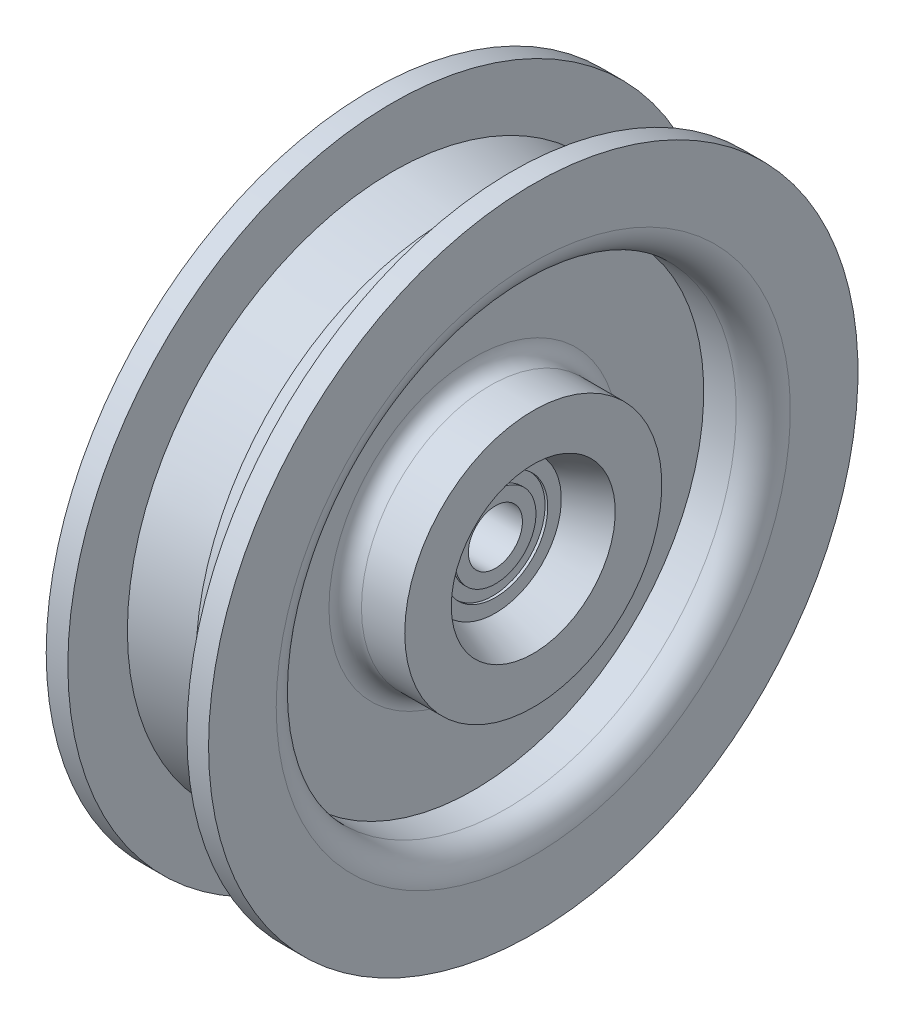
from build123d import *


with BuildPart() as part:
    # Esquisse1 → R_volution1 (revolve)
    with BuildSketch(Plane.XY, mode=Mode.PRIVATE) as r_volution1_sk:
        with BuildLine():
            Line((-15, 60), (-15, 47.5))
            ThreePointArc((-15, 47.5), (-13.535533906, 43.964466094), (-10, 42.5))
            Line((-10, 42.5), (-4, 42.5))
            Line((-4, 42.5), (-4, 26.75))
            ThreePointArc((-4, 26.75), (-4.878679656, 24.628679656), (-7, 23.75))
            Line((-7, 23.75), (-15, 23.75))
            Line((-15, 23.75), (-15, 15.15))
            Line((-15, 15.15), (-8, 12.18))
            Line((-8, 12.18), (8, 12.18))
            Line((8, 12.18), (15, 15.15))
            Line((15, 15.15), (15, 23.75))
            Line((15, 23.75), (7, 23.75))
            ThreePointArc((7, 23.75), (4.878679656, 24.628679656), (4, 26.75))
            Line((4, 26.75), (4, 42.5))
            Line((4, 42.5), (10, 42.5))
            ThreePointArc((10, 42.5), (13.535533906, 43.964466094), (15, 47.5))
            Line((15, 47.5), (15, 60))
            Line((15, 60), (11, 60))
            Line((11, 60), (11, 49))
            Line((11, 49), (0, 47.33))
            Line((0, 47.33), (-11, 49))
            Line((-11, 49), (-11, 60))
            Line((-11, 60), (-15, 60))
        make_face()
    revolve(r_volution1_sk.sketch.rotate(Axis((0, 0, 0), (1, 0, 0)), 90), axis=Axis((0, 0, 0), (1, 0, 0)))

    # Esquisse2 → R_volution2 (revolve)
    with BuildSketch(Plane.XY, mode=Mode.PRIVATE) as r_volution2_sk:
        Polygon((0, 12.18), (8, 12.18), (8, 9.68), (7.5, 9.68), (7.5, 7.5), (8, 7.5), (8, 5), (0, 5), (0, 7.5), (0.5, 7.5), (0.5, 9.68), (0, 9.68), align=None)
    r_volution2 = revolve(r_volution2_sk.sketch.rotate(Axis((0, 0, 0), (1, 0, 0)), 90), axis=Axis((0, 0, 0), (1, 0, 0)))

    # Sym_trie1: R_volution2 across Right Plane
    add(r_volution2.mirror(Plane(origin=(0, 0, 0), x_dir=(0, 0, -1), z_dir=(1, 0, 0))))


solid = part.part

* * *

_Problem requirements_: From the data above, say how many lines include "PRIVATE", and write nothing but the number.

_Final answer_: 2